Genetic studies in mice have identified the ob gene product as a potential signaling factor regulating body weight homeostasis and energy balance. It is suggested that modulation of ob gene expression results in changes in body weight and food intake. Glucocorticoids are shown to have important metabolic effects and to modulate food intake and body weight. In order to test the hypothesis that these metabolic effects of glucocorticoids are linked to changes in the expression of the ob gene, ob mRNA levels were evaluated in rats treated with different glucocorticosteroids at catabolic doses and correlated to the kinetics of changes in body weight gain and food intake. Results from time course experiments demonstrate that adipose tissue ob gene expression is rapidly induced by glucocorticosteroids. This induction is followed by a concordant decrease in body weight gain and food consumption. These data suggest that the catabolic effects of corticosteroids on body weight mass and food intake might be mediated by changes in ob expression. Modulation of ob expression may therefore constitute a mechanism through which hormonal, pharmacological, or other factors control body weight homeostasis.


INTRODUCTION

Obesity, which can be defined as a body weight more than 20% in excess of the ideal body weight, is a major health problem in Western societies, since it is associated with an increased risk for cardiovascular disease, diabetes, and an increased mortality rate(1) . Obesity is the result of a positive energy balance, as a consequence of an increased ratio of caloric intake to energy expenditure. The molecular factors regulating food intake and body weight balance are incompletely understood. Five single-gene mutations resulting in obesity have been described in mice, implicating genetic factors in the etiology of obesity(2) . In the ob mouse a single gene mutation, obese, results in profound obesity, which is accompanied by diabetes(3) . Cross-circulation experiments have suggested that ob mice are deficient of a blood-borne factor regulating nutrient intake and energy metabolism(4) . Using positional cloning technologies, the mouse ob gene, and subsequently its human homologue, have been cloned recently(5) . Amino acid sequence analysis revealed a high degree of homology between mouse and human ob, indicative of an important regulatory function of this protein. The ob gene is exclusively expressed in white adipose tissue, suggesting that the protein can best be imagined as a fat-derived satiety factor. ob mice either have a non-sense mutation, resulting in the production of a non-functional gene product (C57Bl/6J ob/ob), or carry a genomic mutation resulting in the complete absence of ob mRNA (SM/Ckc-+-ob/ob) (5). ob mRNA levels are highly increased in C57Bl/6J ob/ob mice, suggesting that the level of expression of this gene signals the size of the adipose depot in an attempt to maintain body weight homeostasis.
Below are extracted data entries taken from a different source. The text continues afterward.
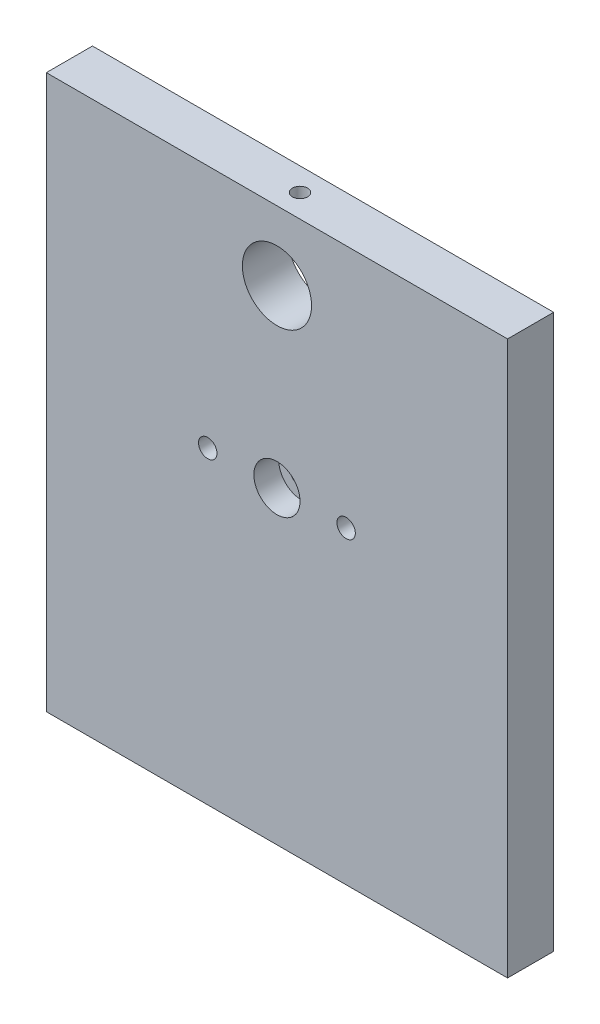
ISO-10303-21;
HEADER;
FILE_DESCRIPTION(('STEP AP214'),'2;1');
FILE_NAME('part.step','',(''),(''),'','','');
FILE_SCHEMA(('AUTOMOTIVE_DESIGN { 1 0 10303 214 1 1 1 1 }'));
ENDSEC;
DATA;
#1=APPLICATION_CONTEXT('core data for automotive mechanical design processes');
#2=APPLICATION_PROTOCOL_DEFINITION('international standard','automotive_design',2000,#1);
#3=PRODUCT_CONTEXT('',#1,'mechanical');
#4=PRODUCT('Part','Part','',(#3));
#5=PRODUCT_RELATED_PRODUCT_CATEGORY('part','',(#4));
#6=PRODUCT_DEFINITION_FORMATION('','',#4);
#7=PRODUCT_DEFINITION_CONTEXT('part definition',#1,'design');
#8=PRODUCT_DEFINITION('design','',#6,#7);
#9=PRODUCT_DEFINITION_SHAPE('','',#8);
#10=(LENGTH_UNIT() NAMED_UNIT(*) SI_UNIT(.MILLI.,.METRE.));
#11=(NAMED_UNIT(*) PLANE_ANGLE_UNIT() SI_UNIT($,.RADIAN.));
#12=(NAMED_UNIT(*) SI_UNIT($,.STERADIAN.) SOLID_ANGLE_UNIT());
#13=UNCERTAINTY_MEASURE_WITH_UNIT(LENGTH_MEASURE(1.E-05),#10,'distance_accuracy_value','');
#14=(GEOMETRIC_REPRESENTATION_CONTEXT(3) GLOBAL_UNCERTAINTY_ASSIGNED_CONTEXT((#13)) GLOBAL_UNIT_ASSIGNED_CONTEXT((#10,
#11,#12)) REPRESENTATION_CONTEXT('',''));
#15=CARTESIAN_POINT('',(0.,0.,0.));
#16=DIRECTION('',(0.,0.,1.));
#17=DIRECTION('',(1.,0.,0.));
#18=AXIS2_PLACEMENT_3D('',#15,#16,#17);
#19=CARTESIAN_POINT('',(-50.,0.,10.));
#20=DIRECTION('',(1.,0.,0.));
#21=DIRECTION('',(0.,0.,-1.));
#22=AXIS2_PLACEMENT_3D('',#19,#20,#21);
#23=PLANE('',#22);
#24=DIRECTION('',(0.,-1.,0.));
#25=VECTOR('',#24,1.);
#26=CARTESIAN_POINT('',(-50.,0.,0.));
#27=LINE('',#26,#25);
#28=CARTESIAN_POINT('',(-50.,120.,0.));
#29=VERTEX_POINT('',#28);
#30=CARTESIAN_POINT('',(-50.,0.,0.));
#31=VERTEX_POINT('',#30);
#32=EDGE_CURVE('E156',#29,#31,#27,.T.);
#33=ORIENTED_EDGE('',*,*,#32,.T.);
#34=DIRECTION('',(0.,0.,-1.));
#35=VECTOR('',#34,1.);
#36=CARTESIAN_POINT('',(-50.,0.,10.));
#37=LINE('',#36,#35);
#38=CARTESIAN_POINT('',(-50.,0.,10.));
#39=VERTEX_POINT('',#38);
#40=EDGE_CURVE('E11',#39,#31,#37,.T.);
#41=ORIENTED_EDGE('',*,*,#40,.F.);
#42=DIRECTION('',(0.,-1.,0.));
#43=VECTOR('',#42,1.);
#44=CARTESIAN_POINT('',(-50.,0.,10.));
#45=LINE('',#44,#43);
#46=CARTESIAN_POINT('',(-50.,120.,10.));
#47=VERTEX_POINT('',#46);
#48=EDGE_CURVE('E157',#47,#39,#45,.T.);
#49=ORIENTED_EDGE('',*,*,#48,.F.);
#50=DIRECTION('',(0.,0.,-1.));
#51=VECTOR('',#50,1.);
#52=CARTESIAN_POINT('',(-50.,120.,10.));
#53=LINE('',#52,#51);
#54=EDGE_CURVE('E167',#47,#29,#53,.T.);
#55=ORIENTED_EDGE('',*,*,#54,.T.);
#56=EDGE_LOOP('',(#33,#41,#49,#55));
#57=FACE_BOUND('',#56,.T.);
#58=ADVANCED_FACE('F44',(#57),#23,.F.);
#59=CARTESIAN_POINT('',(-50.,0.,10.));
#60=DIRECTION('',(0.,1.,0.));
#61=DIRECTION('',(0.,0.,1.));
#62=AXIS2_PLACEMENT_3D('',#59,#60,#61);
#63=PLANE('',#62);
#64=CARTESIAN_POINT('',(0.,0.,5.));
#65=DIRECTION('',(0.,-1.,0.));
#66=DIRECTION('',(0.,0.,-1.));
#67=AXIS2_PLACEMENT_3D('',#64,#65,#66);
#68=CIRCLE('',#67,2.09999999999999);
#69=CARTESIAN_POINT('',(0.,0.,2.90000000000001));
#70=VERTEX_POINT('',#69);
#71=EDGE_CURVE('E128',#70,#70,#68,.T.);
#72=ORIENTED_EDGE('',*,*,#71,.F.);
#73=EDGE_LOOP('',(#72));
#74=FACE_BOUND('',#73,.T.);
#75=CARTESIAN_POINT('',(-35.,0.,5.));
#76=DIRECTION('',(0.,-1.,0.));
#77=DIRECTION('',(0.,0.,-1.));
#78=AXIS2_PLACEMENT_3D('',#75,#76,#77);
#79=CIRCLE('',#78,2.09999999999999);
#80=CARTESIAN_POINT('',(-35.,0.,2.90000000000001));
#81=VERTEX_POINT('',#80);
#82=EDGE_CURVE('E127',#81,#81,#79,.T.);
#83=ORIENTED_EDGE('',*,*,#82,.F.);
#84=EDGE_LOOP('',(#83));
#85=FACE_BOUND('',#84,.T.);
#86=CARTESIAN_POINT('',(35.,0.,5.));
#87=DIRECTION('',(0.,-1.,0.));
#88=DIRECTION('',(0.,0.,-1.));
#89=AXIS2_PLACEMENT_3D('',#86,#87,#88);
#90=CIRCLE('',#89,2.09999999999999);
#91=CARTESIAN_POINT('',(35.,0.,2.90000000000001));
#92=VERTEX_POINT('',#91);
#93=EDGE_CURVE('E143',#92,#92,#90,.T.);
#94=ORIENTED_EDGE('',*,*,#93,.F.);
#95=EDGE_LOOP('',(#94));
#96=FACE_BOUND('',#95,.T.);
#97=DIRECTION('',(1.,0.,0.));
#98=VECTOR('',#97,1.);
#99=CARTESIAN_POINT('',(-50.,0.,0.));
#100=LINE('',#99,#98);
#101=CARTESIAN_POINT('',(50.,0.,0.));
#102=VERTEX_POINT('',#101);
#103=EDGE_CURVE('E171',#31,#102,#100,.T.);
#104=ORIENTED_EDGE('',*,*,#103,.T.);
#105=DIRECTION('',(0.,0.,-1.));
#106=VECTOR('',#105,1.);
#107=CARTESIAN_POINT('',(50.,0.,10.));
#108=LINE('',#107,#106);
#109=CARTESIAN_POINT('',(50.,0.,10.));
#110=VERTEX_POINT('',#109);
#111=EDGE_CURVE('E59',#110,#102,#108,.T.);
#112=ORIENTED_EDGE('',*,*,#111,.F.);
#113=DIRECTION('',(1.,0.,0.));
#114=VECTOR('',#113,1.);
#115=CARTESIAN_POINT('',(-50.,0.,10.));
#116=LINE('',#115,#114);
#117=EDGE_CURVE('E103',#39,#110,#116,.T.);
#118=ORIENTED_EDGE('',*,*,#117,.F.);
#119=ORIENTED_EDGE('',*,*,#40,.T.);
#120=EDGE_LOOP('',(#104,#112,#118,#119));
#121=FACE_BOUND('',#120,.T.);
#122=ADVANCED_FACE('F202',(#74,#85,#96,#121),#63,.F.);
#123=CARTESIAN_POINT('',(50.,0.,10.));
#124=DIRECTION('',(-1.,0.,0.));
#125=DIRECTION('',(0.,0.,1.));
#126=AXIS2_PLACEMENT_3D('',#123,#124,#125);
#127=PLANE('',#126);
#128=DIRECTION('',(0.,1.,0.));
#129=VECTOR('',#128,1.);
#130=CARTESIAN_POINT('',(50.,0.,0.));
#131=LINE('',#130,#129);
#132=CARTESIAN_POINT('',(50.,120.,0.));
#133=VERTEX_POINT('',#132);
#134=EDGE_CURVE('E89',#102,#133,#131,.T.);
#135=ORIENTED_EDGE('',*,*,#134,.T.);
#136=DIRECTION('',(0.,0.,-1.));
#137=VECTOR('',#136,1.);
#138=CARTESIAN_POINT('',(50.,120.,10.));
#139=LINE('',#138,#137);
#140=CARTESIAN_POINT('',(50.,120.,10.));
#141=VERTEX_POINT('',#140);
#142=EDGE_CURVE('E180',#141,#133,#139,.T.);
#143=ORIENTED_EDGE('',*,*,#142,.F.);
#144=DIRECTION('',(0.,1.,0.));
#145=VECTOR('',#144,1.);
#146=CARTESIAN_POINT('',(50.,0.,10.));
#147=LINE('',#146,#145);
#148=EDGE_CURVE('E162',#110,#141,#147,.T.);
#149=ORIENTED_EDGE('',*,*,#148,.F.);
#150=ORIENTED_EDGE('',*,*,#111,.T.);
#151=EDGE_LOOP('',(#135,#143,#149,#150));
#152=FACE_BOUND('',#151,.T.);
#153=ADVANCED_FACE('F184',(#152),#127,.F.);
#154=CARTESIAN_POINT('',(-50.,120.,10.));
#155=DIRECTION('',(0.,-1.,0.));
#156=DIRECTION('',(0.,0.,-1.));
#157=AXIS2_PLACEMENT_3D('',#154,#155,#156);
#158=PLANE('',#157);
#159=CARTESIAN_POINT('',(0.,120.,5.));
#160=DIRECTION('',(0.,1.,0.));
#161=DIRECTION('',(0.,0.,1.));
#162=AXIS2_PLACEMENT_3D('',#159,#160,#161);
#163=CIRCLE('',#162,1.65);
#164=CARTESIAN_POINT('',(0.,120.,6.65));
#165=VERTEX_POINT('',#164);
#166=EDGE_CURVE('E262',#165,#165,#163,.T.);
#167=ORIENTED_EDGE('',*,*,#166,.F.);
#168=EDGE_LOOP('',(#167));
#169=FACE_BOUND('',#168,.T.);
#170=DIRECTION('',(-1.,0.,0.));
#171=VECTOR('',#170,1.);
#172=CARTESIAN_POINT('',(-50.,120.,0.));
#173=LINE('',#172,#171);
#174=EDGE_CURVE('E95',#133,#29,#173,.T.);
#175=ORIENTED_EDGE('',*,*,#174,.T.);
#176=ORIENTED_EDGE('',*,*,#54,.F.);
#177=DIRECTION('',(-1.,0.,0.));
#178=VECTOR('',#177,1.);
#179=CARTESIAN_POINT('',(-50.,120.,10.));
#180=LINE('',#179,#178);
#181=EDGE_CURVE('E70',#141,#47,#180,.T.);
#182=ORIENTED_EDGE('',*,*,#181,.F.);
#183=ORIENTED_EDGE('',*,*,#142,.T.);
#184=EDGE_LOOP('',(#175,#176,#182,#183));
#185=FACE_BOUND('',#184,.T.);
#186=ADVANCED_FACE('F191',(#169,#185),#158,.F.);
#187=CARTESIAN_POINT('',(0.,0.,10.));
#188=DIRECTION('',(0.,0.,-1.));
#189=DIRECTION('',(-1.,0.,0.));
#190=AXIS2_PLACEMENT_3D('',#187,#188,#189);
#191=PLANE('',#190);
#192=CARTESIAN_POINT('',(-15.,67.,10.));
#193=DIRECTION('',(0.,0.,1.));
#194=DIRECTION('',(1.,0.,0.));
#195=AXIS2_PLACEMENT_3D('',#192,#193,#194);
#196=CIRCLE('',#195,2.);
#197=CARTESIAN_POINT('',(-13.,67.,10.));
#198=VERTEX_POINT('',#197);
#199=EDGE_CURVE('E285',#198,#198,#196,.T.);
#200=ORIENTED_EDGE('',*,*,#199,.F.);
#201=EDGE_LOOP('',(#200));
#202=FACE_BOUND('',#201,.T.);
#203=CARTESIAN_POINT('',(15.,67.,10.));
#204=DIRECTION('',(0.,0.,1.));
#205=DIRECTION('',(1.,0.,0.));
#206=AXIS2_PLACEMENT_3D('',#203,#204,#205);
#207=CIRCLE('',#206,2.);
#208=CARTESIAN_POINT('',(17.,67.,10.));
#209=VERTEX_POINT('',#208);
#210=EDGE_CURVE('E280',#209,#209,#207,.T.);
#211=ORIENTED_EDGE('',*,*,#210,.F.);
#212=EDGE_LOOP('',(#211));
#213=FACE_BOUND('',#212,.T.);
#214=CARTESIAN_POINT('',(0.,67.,10.));
#215=DIRECTION('',(0.,0.,1.));
#216=DIRECTION('',(1.,0.,0.));
#217=AXIS2_PLACEMENT_3D('',#214,#215,#216);
#218=CIRCLE('',#217,5.);
#219=CARTESIAN_POINT('',(5.,67.,10.));
#220=VERTEX_POINT('',#219);
#221=EDGE_CURVE('E274',#220,#220,#218,.T.);
#222=ORIENTED_EDGE('',*,*,#221,.F.);
#223=EDGE_LOOP('',(#222));
#224=FACE_BOUND('',#223,.T.);
#225=CARTESIAN_POINT('',(0.,105.,10.));
#226=DIRECTION('',(0.,0.,1.));
#227=DIRECTION('',(1.,0.,0.));
#228=AXIS2_PLACEMENT_3D('',#225,#226,#227);
#229=CIRCLE('',#228,7.5);
#230=CARTESIAN_POINT('',(7.5,105.,10.));
#231=VERTEX_POINT('',#230);
#232=EDGE_CURVE('E150',#231,#231,#229,.T.);
#233=ORIENTED_EDGE('',*,*,#232,.F.);
#234=EDGE_LOOP('',(#233));
#235=FACE_BOUND('',#234,.T.);
#236=ORIENTED_EDGE('',*,*,#48,.T.);
#237=ORIENTED_EDGE('',*,*,#117,.T.);
#238=ORIENTED_EDGE('',*,*,#148,.T.);
#239=ORIENTED_EDGE('',*,*,#181,.T.);
#240=EDGE_LOOP('',(#236,#237,#238,#239));
#241=FACE_BOUND('',#240,.T.);
#242=ADVANCED_FACE('F193',(#202,#213,#224,#235,#241),#191,.F.);
#243=CARTESIAN_POINT('',(0.,0.,0.));
#244=DIRECTION('',(0.,0.,-1.));
#245=DIRECTION('',(-1.,0.,0.));
#246=AXIS2_PLACEMENT_3D('',#243,#244,#245);
#247=PLANE('',#246);
#248=CARTESIAN_POINT('',(-15.,67.,0.));
#249=DIRECTION('',(0.,0.,1.));
#250=DIRECTION('',(1.,0.,0.));
#251=AXIS2_PLACEMENT_3D('',#248,#249,#250);
#252=CIRCLE('',#251,2.);
#253=CARTESIAN_POINT('',(-13.,67.,0.));
#254=VERTEX_POINT('',#253);
#255=EDGE_CURVE('E246',#254,#254,#252,.T.);
#256=ORIENTED_EDGE('',*,*,#255,.T.);
#257=EDGE_LOOP('',(#256));
#258=FACE_BOUND('',#257,.T.);
#259=CARTESIAN_POINT('',(15.,67.,0.));
#260=DIRECTION('',(0.,0.,1.));
#261=DIRECTION('',(1.,0.,0.));
#262=AXIS2_PLACEMENT_3D('',#259,#260,#261);
#263=CIRCLE('',#262,2.);
#264=CARTESIAN_POINT('',(17.,67.,0.));
#265=VERTEX_POINT('',#264);
#266=EDGE_CURVE('E250',#265,#265,#263,.T.);
#267=ORIENTED_EDGE('',*,*,#266,.T.);
#268=EDGE_LOOP('',(#267));
#269=FACE_BOUND('',#268,.T.);
#270=CARTESIAN_POINT('',(0.,67.,0.));
#271=DIRECTION('',(0.,0.,1.));
#272=DIRECTION('',(1.,0.,0.));
#273=AXIS2_PLACEMENT_3D('',#270,#271,#272);
#274=CIRCLE('',#273,2.75);
#275=CARTESIAN_POINT('',(2.75,67.,0.));
#276=VERTEX_POINT('',#275);
#277=EDGE_CURVE('E254',#276,#276,#274,.T.);
#278=ORIENTED_EDGE('',*,*,#277,.T.);
#279=EDGE_LOOP('',(#278));
#280=FACE_BOUND('',#279,.T.);
#281=CARTESIAN_POINT('',(0.,105.,0.));
#282=DIRECTION('',(0.,0.,1.));
#283=DIRECTION('',(1.,0.,0.));
#284=AXIS2_PLACEMENT_3D('',#281,#282,#283);
#285=CIRCLE('',#284,7.5);
#286=CARTESIAN_POINT('',(7.5,105.,0.));
#287=VERTEX_POINT('',#286);
#288=EDGE_CURVE('E153',#287,#287,#285,.T.);
#289=ORIENTED_EDGE('',*,*,#288,.T.);
#290=EDGE_LOOP('',(#289));
#291=FACE_BOUND('',#290,.T.);
#292=ORIENTED_EDGE('',*,*,#32,.F.);
#293=ORIENTED_EDGE('',*,*,#174,.F.);
#294=ORIENTED_EDGE('',*,*,#134,.F.);
#295=ORIENTED_EDGE('',*,*,#103,.F.);
#296=EDGE_LOOP('',(#292,#293,#294,#295));
#297=FACE_BOUND('',#296,.T.);
#298=ADVANCED_FACE('F187',(#258,#269,#280,#291,#297),#247,.T.);
#299=CARTESIAN_POINT('',(0.,105.,10.));
#300=DIRECTION('',(0.,0.,1.));
#301=DIRECTION('',(1.,0.,0.));
#302=AXIS2_PLACEMENT_3D('',#299,#300,#301);
#303=CYLINDRICAL_SURFACE('',#302,7.5);
#304=CARTESIAN_POINT('',(0.,112.5,6.65));
#305=CARTESIAN_POINT('',(0.0914999393408013,112.499998314241,6.64999689388329));
#306=CARTESIAN_POINT('',(0.183037296855733,112.498308549615,6.64236318106866));
#307=CARTESIAN_POINT('',(0.36351102332015,112.491730975333,6.61206225940868));
#308=CARTESIAN_POINT('',(0.452445501715038,112.4868408986,6.58938439323356));
#309=CARTESIAN_POINT('',(0.625079242768204,112.474407058234,6.52974055396921));
#310=CARTESIAN_POINT('',(0.708783898837725,112.466866083454,6.4927895927343));
#311=CARTESIAN_POINT('',(0.868802700314481,112.449943914735,6.40569630891618));
#312=CARTESIAN_POINT('',(0.945117019602319,112.440562764108,6.35555429679659));
#313=CARTESIAN_POINT('',(1.08942970934261,112.420817418265,6.24264148918915));
#314=CARTESIAN_POINT('',(1.15729102940932,112.410440912677,6.17969766887049));
#315=CARTESIAN_POINT('',(1.28158292851941,112.389960900198,6.04333940178755));
#316=CARTESIAN_POINT('',(1.33801247885255,112.379857417946,5.96992401373074));
#317=CARTESIAN_POINT('',(1.43844520787672,112.360945926631,5.81369134292981));
#318=CARTESIAN_POINT('',(1.48230220287273,112.352153686448,5.7307780079661));
#319=CARTESIAN_POINT('',(1.55540709540188,112.337036973031,5.55853274582511));
#320=CARTESIAN_POINT('',(1.58465676165373,112.330712201046,5.46920159724356));
#321=CARTESIAN_POINT('',(1.62726320761459,112.321371953781,5.28814395939664));
#322=CARTESIAN_POINT('',(1.64086278535653,112.318305979859,5.19647726630275));
#323=CARTESIAN_POINT('',(1.65253801366901,112.315678823025,5.01211606415167));
#324=CARTESIAN_POINT('',(1.65061559546281,112.316117204108,4.91942168439077));
#325=CARTESIAN_POINT('',(1.6314967280213,112.320403520243,4.73744348167057));
#326=CARTESIAN_POINT('',(1.61458260643201,112.324188429407,4.64812828725854));
#327=CARTESIAN_POINT('',(1.56640787267831,112.334641659894,4.47363508632754));
#328=CARTESIAN_POINT('',(1.53514644719316,112.341310144681,4.38845731465378));
#329=CARTESIAN_POINT('',(1.45890598688935,112.356841099336,4.22386456484734));
#330=CARTESIAN_POINT('',(1.41381862824298,112.365720786475,4.14450145530904));
#331=CARTESIAN_POINT('',(1.3112823169619,112.384663101412,3.99436318177396));
#332=CARTESIAN_POINT('',(1.25383166066754,112.394725892154,3.92358920346177));
#333=CARTESIAN_POINT('',(1.12670629880249,112.415170817659,3.79101303710661));
#334=CARTESIAN_POINT('',(1.05679158832993,112.425555121687,3.72944109133507));
#335=CARTESIAN_POINT('',(0.907510905058958,112.445272552529,3.61885837608795));
#336=CARTESIAN_POINT('',(0.828144757198043,112.454605659866,3.56984783933175));
#337=CARTESIAN_POINT('',(0.661931267895292,112.471199961066,3.48572123553565));
#338=CARTESIAN_POINT('',(0.575068033653588,112.478456605355,3.45063561420551));
#339=CARTESIAN_POINT('',(0.39648364085885,112.490046571253,3.39562258522818));
#340=CARTESIAN_POINT('',(0.304763199289836,112.494380323027,3.37569294700434));
#341=CARTESIAN_POINT('',(0.121042700683248,112.499574885747,3.35189313774669));
#342=CARTESIAN_POINT('',(0.0290852501339724,112.500503693889,3.34770849163739));
#343=CARTESIAN_POINT('',(-0.154214783533878,112.498974383699,3.35466469502871));
#344=CARTESIAN_POINT('',(-0.245557408436372,112.496516497911,3.36580449228459));
#345=CARTESIAN_POINT('',(-0.423991007748931,112.488532910116,3.40283265132216));
#346=CARTESIAN_POINT('',(-0.511117938303426,112.483041587791,3.42855581582791));
#347=CARTESIAN_POINT('',(-0.679820246095634,112.469605878242,3.49383695756339));
#348=CARTESIAN_POINT('',(-0.761395145868542,112.461661280365,3.5333961228733));
#349=CARTESIAN_POINT('',(-0.917976261781452,112.444032703715,3.62587978321851));
#350=CARTESIAN_POINT('',(-0.99287085950515,112.434325305942,3.6789886922759));
#351=CARTESIAN_POINT('',(-1.13279771208182,112.414295274034,3.79682171018652));
#352=CARTESIAN_POINT('',(-1.19782866797858,112.403972559116,3.86154734641592));
#353=CARTESIAN_POINT('',(-1.3174275998863,112.383640077133,4.00222027859977));
#354=CARTESIAN_POINT('',(-1.37177769648958,112.373639743821,4.07835443129549));
#355=CARTESIAN_POINT('',(-1.46692164784539,112.355304075691,4.23885442521818));
#356=CARTESIAN_POINT('',(-1.50771609134851,112.346968668569,4.32321990873516));
#357=CARTESIAN_POINT('',(-1.57431369753847,112.332986792121,4.49733416930289));
#358=CARTESIAN_POINT('',(-1.60020149826091,112.327325175037,4.58704929627586));
#359=CARTESIAN_POINT('',(-1.63649815552641,112.319304996437,4.76969698070692));
#360=CARTESIAN_POINT('',(-1.64690952060538,112.316945899627,4.8626290142455));
#361=CARTESIAN_POINT('',(-1.6518500388516,112.315831876572,5.04687496928519));
#362=CARTESIAN_POINT('',(-1.64672474541726,112.316998531717,5.13817931994233));
#363=CARTESIAN_POINT('',(-1.62151064971412,112.322627058637,5.31858911375489));
#364=CARTESIAN_POINT('',(-1.60142202805462,112.32708889064,5.40769458343767));
#365=CARTESIAN_POINT('',(-1.54701934318006,112.338766590513,5.58089887364454));
#366=CARTESIAN_POINT('',(-1.5127561284581,112.345972606906,5.66501437374034));
#367=CARTESIAN_POINT('',(-1.4310203389896,112.362330494306,5.82635416226081));
#368=CARTESIAN_POINT('',(-1.38354636957811,112.371482570735,5.90357772196298));
#369=CARTESIAN_POINT('',(-1.27559296460683,112.390935215414,6.05064370885943));
#370=CARTESIAN_POINT('',(-1.21486750796967,112.401255436815,6.12030297965252));
#371=CARTESIAN_POINT('',(-1.08263275210779,112.421750079978,6.2485559345428));
#372=CARTESIAN_POINT('',(-1.01112096165039,112.431924467463,6.30714705525868));
#373=CARTESIAN_POINT('',(-0.858209468643989,112.451139887262,6.41233915166255));
#374=CARTESIAN_POINT('',(-0.776692042971306,112.460164245538,6.45877221861649));
#375=CARTESIAN_POINT('',(-0.606827789468279,112.475895238877,6.53720389832133));
#376=CARTESIAN_POINT('',(-0.51848673019753,112.482603805978,6.56921455037323));
#377=CARTESIAN_POINT('',(-0.358388456603653,112.491758115147,6.61222376891093));
#378=CARTESIAN_POINT('',(-0.287493809384326,112.494829600129,6.62636269380083));
#379=CARTESIAN_POINT('',(-0.144407171386656,112.498951162006,6.64525182243697));
#380=CARTESIAN_POINT('',(-0.0722152395237924,112.500001330465,6.65000245146569));
#381=CARTESIAN_POINT('',(0.,112.5,6.65));
#382=B_SPLINE_CURVE_WITH_KNOTS('',3,(#304,#305,#306,#307,#308,#309,#310,#311,#312,#313,#314,
#315,#316,#317,#318,#319,#320,#321,#322,#323,#324,#325,#326,#327,#328,#329,#330,#331,#332,#333,
#334,#335,#336,#337,#338,#339,#340,#341,#342,#343,#344,#345,#346,#347,#348,#349,#350,#351,#352,
#353,#354,#355,#356,#357,#358,#359,#360,#361,#362,#363,#364,#365,#366,#367,#368,#369,#370,#371,
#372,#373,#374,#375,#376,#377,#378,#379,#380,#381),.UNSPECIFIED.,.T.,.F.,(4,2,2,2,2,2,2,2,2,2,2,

The aim of the present work was to identify factors regulating ob gene expression and to evaluate whether changes in ob gene expression are correlated with changes in food intake and body weight. Since pharmacological doses of glucocorticoids have a strong catabolic action, the effects of high doses of glucocorticoids on the expression of the ob gene were studied and correlated to changes in body weight and food intake. The rat was chosen as a model, since body weight and adipose tissue mass keep increasing throughout its entire lifespan, thereby resembling the human situation of adult onset obesity. Furthermore, the relative short lifespan of this animal permits the study of factors affecting body weight homeostasis in a relatively short time period. The results from our studies demonstrate that administration of pharmacological doses of glucocorticoids induces adipose tissue ob gene expression. This induction is accompanied by reduced food intake and decreased body weight gain in these animals. These data indicate that modification of ob gene expression is subject to hormonal/pharmacological regulation, leading to the modulation of caloric intake and body mass gain.


MATERIALS AND METHODS

Animals and Treatments

Eighty-day-old male rats received once daily subcutaneous injections with the indicated corticosteroids at a dose and for the period of time indicated. Control animals received saline only. Rats were group-housed and accustomed to a 12:12 h day-night illumination cycle. Animals were allowed free access to standard rat chow. Body weight (per animal) and food consumption (per treatment group) were measured at regular intervals throughout the experiment. At the end of the experiment, animals were killed between 9 and 10 a.m. by exsanguination while under ether anesthesia. Epididymal fat pads were removed immediately and frozen in liquid N.

RNA Analysis

Total cellular RNA was prepared by the acid guanidinium thiocyanate/phenol-chloroform method(6) . Northern and dot blot hybridizations of total cellular RNA were performed as described previously(7) . A mouse ob cDNA fragment spanning nucleotides +50 to +659 was cloned from adipose tissue by reverse transcription and polymerase chain reaction amplification (sense primer: 5`-CCA AGA AGA GGG ATC CCT GCT CCA GCA GC-3`; antisense primer: 5`-CCC TCT ACA TGA TTC TTG GGT ACC TGG TGG CC-3`)(5) . The resulting polymerase chain reaction fragment was cloned into pBluescript KS, and sequence analysis revealed complete identity to the reported mouse ob cDNA sequence(5) . A -actin cDNA clone was used as a control probe(8) . All probes were labeled by random primers (Boehringer Mannheim). Filters were hybridized to 1.5 10 cpm/ml of each probe as described(7) . They were washed once in 0.5 SSC and 0.1% SDS for 10 min at room temperature and twice for 30 min at 65 °C and subsequently exposed to x-ray film (X-Omat AR, Kodak). Autoradiograms were analyzed by quantitative scanning densitometry (Bio-Rad GS670 densitometer) as described(7) .


RESULTS

To study the effects of pharmacological doses of glucocorticoids on body weight, food intake, and ob gene expression, 80-day-old male rats were treated once daily during 20 days with 100 µg of hydrocortisone/g of body weight Sham-treated control rats exhibited a significant, steady gain in body weight throughout the treatment period, attaining approximately 110% of the initial body weight after 20 days (Fig. 1). Administration of hydrocortisone, however, completely prevented this gain in body weight and resulted in a slight decrease in body weight at the end of the treatment period (Fig. 1). This difference in body weight gain between control and treated animals became only gradually apparent; the first 2 days of treatment body weights did not differ significantly from controls, and only thereafter a gradually more pronounced difference was observed. Compared with untreated animals, hydrocortisone-injected animals consumed 10-15% less food throughout the entire treatment period (Fig. 2), indicating that a reduction of food intake may, at least in part, account for the lower gain in body weight after hydrocortisone treatment.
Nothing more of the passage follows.